2021年の年末、姫路の古墳巡りに行ってきました。
姫路には、修復後の姫路城を観に行ったり、豊岡方面へ向かう途中に休憩した程度で、歴史散策目的としては初めて訪れました。
以前より、姫路を訪れた方からの情報や、地図を眺めて気になる地名に目をつけたりはしていましたが、やはり現地を訪れると見えてくるものが違いますね。
今回は、初見ということで、とりあえず心に引っかかった事柄を備忘録として残しておこうと思います。
謎かけ段階で結論には至っておらず、中途半端な内容ではありますが、最後までお付き合いいただけたら嬉しいです。
また、こちらに記した内容について、何か情報をお持ちの方がいらっしゃいましたら、コメント欄などで教えていただけるとありがたいです。
姫路にもあった甲山
海人族が好きそうな山
2021年12月、いつもの仲間たちと姫路市の古墳巡りに出かけました。
最初の目的地は、見野古墳群。
しかしそこまでに至る車中から、私の古代センサーはビンビン反応しっぱなし。
最初に目に入ってきたのは「安保(アボ)」という地名。
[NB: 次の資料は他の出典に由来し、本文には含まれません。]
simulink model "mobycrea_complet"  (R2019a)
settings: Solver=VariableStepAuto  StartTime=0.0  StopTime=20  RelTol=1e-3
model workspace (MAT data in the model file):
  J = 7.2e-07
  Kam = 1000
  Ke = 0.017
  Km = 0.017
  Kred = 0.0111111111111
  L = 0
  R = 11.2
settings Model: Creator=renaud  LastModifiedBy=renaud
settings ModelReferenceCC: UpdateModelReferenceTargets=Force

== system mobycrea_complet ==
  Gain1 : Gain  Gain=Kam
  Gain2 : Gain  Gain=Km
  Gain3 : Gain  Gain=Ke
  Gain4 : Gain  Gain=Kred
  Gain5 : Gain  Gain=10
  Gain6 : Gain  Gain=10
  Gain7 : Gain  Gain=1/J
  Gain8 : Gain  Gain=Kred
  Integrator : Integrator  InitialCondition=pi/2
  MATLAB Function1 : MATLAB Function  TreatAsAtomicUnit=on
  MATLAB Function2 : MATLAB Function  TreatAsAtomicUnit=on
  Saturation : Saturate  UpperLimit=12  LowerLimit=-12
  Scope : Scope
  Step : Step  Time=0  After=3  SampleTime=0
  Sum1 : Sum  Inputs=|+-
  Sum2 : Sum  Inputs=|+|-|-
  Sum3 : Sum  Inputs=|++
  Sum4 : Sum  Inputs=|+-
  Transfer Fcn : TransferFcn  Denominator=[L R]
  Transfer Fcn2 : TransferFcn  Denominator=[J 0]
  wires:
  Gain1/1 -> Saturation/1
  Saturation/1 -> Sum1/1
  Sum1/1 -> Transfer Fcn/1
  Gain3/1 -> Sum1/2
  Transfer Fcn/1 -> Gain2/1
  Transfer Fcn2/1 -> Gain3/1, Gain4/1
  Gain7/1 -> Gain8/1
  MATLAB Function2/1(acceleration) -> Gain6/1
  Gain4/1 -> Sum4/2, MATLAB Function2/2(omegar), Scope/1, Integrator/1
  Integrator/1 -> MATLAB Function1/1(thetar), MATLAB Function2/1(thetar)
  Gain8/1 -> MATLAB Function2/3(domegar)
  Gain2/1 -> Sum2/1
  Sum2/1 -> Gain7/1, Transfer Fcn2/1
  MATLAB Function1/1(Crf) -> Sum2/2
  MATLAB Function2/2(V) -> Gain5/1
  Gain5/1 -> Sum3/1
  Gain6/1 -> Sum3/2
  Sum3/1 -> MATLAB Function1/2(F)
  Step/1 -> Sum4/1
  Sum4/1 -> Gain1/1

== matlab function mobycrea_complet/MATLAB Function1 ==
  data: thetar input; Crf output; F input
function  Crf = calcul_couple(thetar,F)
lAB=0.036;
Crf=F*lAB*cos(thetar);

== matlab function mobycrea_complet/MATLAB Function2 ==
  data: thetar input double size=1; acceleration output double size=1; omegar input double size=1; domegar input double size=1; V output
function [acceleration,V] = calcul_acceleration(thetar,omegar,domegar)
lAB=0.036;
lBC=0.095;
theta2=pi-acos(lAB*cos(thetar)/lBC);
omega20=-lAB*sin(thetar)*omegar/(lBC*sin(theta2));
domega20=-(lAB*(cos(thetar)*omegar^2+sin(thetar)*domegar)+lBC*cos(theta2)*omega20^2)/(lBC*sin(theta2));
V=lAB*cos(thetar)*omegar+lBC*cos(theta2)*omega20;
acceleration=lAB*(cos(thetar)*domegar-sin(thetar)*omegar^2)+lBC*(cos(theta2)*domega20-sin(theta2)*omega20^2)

(こちらについては、また後ほど深堀りします)
次に正面に現れた頭頂部がやや平らになった独立峰。
経験上、このような山は海人族が好きなんですね。
▶︎姫路の甲山 姫路フィルムコミッションより
調べてみると、その名もズバリ甲山。
カブト山といえば、西宮市に甲山、京丹後市に兜山が存在し、いずれも海人族が重要視していたと思われる川の河口部にある独立峰として、以前から注目しています。
どちらも兜を伏せたような形状がその名の由来と思われますが、河口部にある特徴的な山ということで、海から来た内外の船の目印になっていたのではないかと考えています。
▶︎京丹後市久美浜の兜山
▶︎西宮甲山 Wikipediaより
河口にこそ位置していませんが、奈良の畝傍山も形状が似ていますね。
畝傍山といえば、神武天皇が初代天皇に即位した場所。
海神の娘を母に持つ神武天皇。
海人族と無関係ではないでしょう。(独断)
▶︎橿原市の畝傍山
姫路の甲山も例に漏れず市川の河口部に位置しますが、他とは異なり「カブト山」ではなく、「コウ山」と読むそうです。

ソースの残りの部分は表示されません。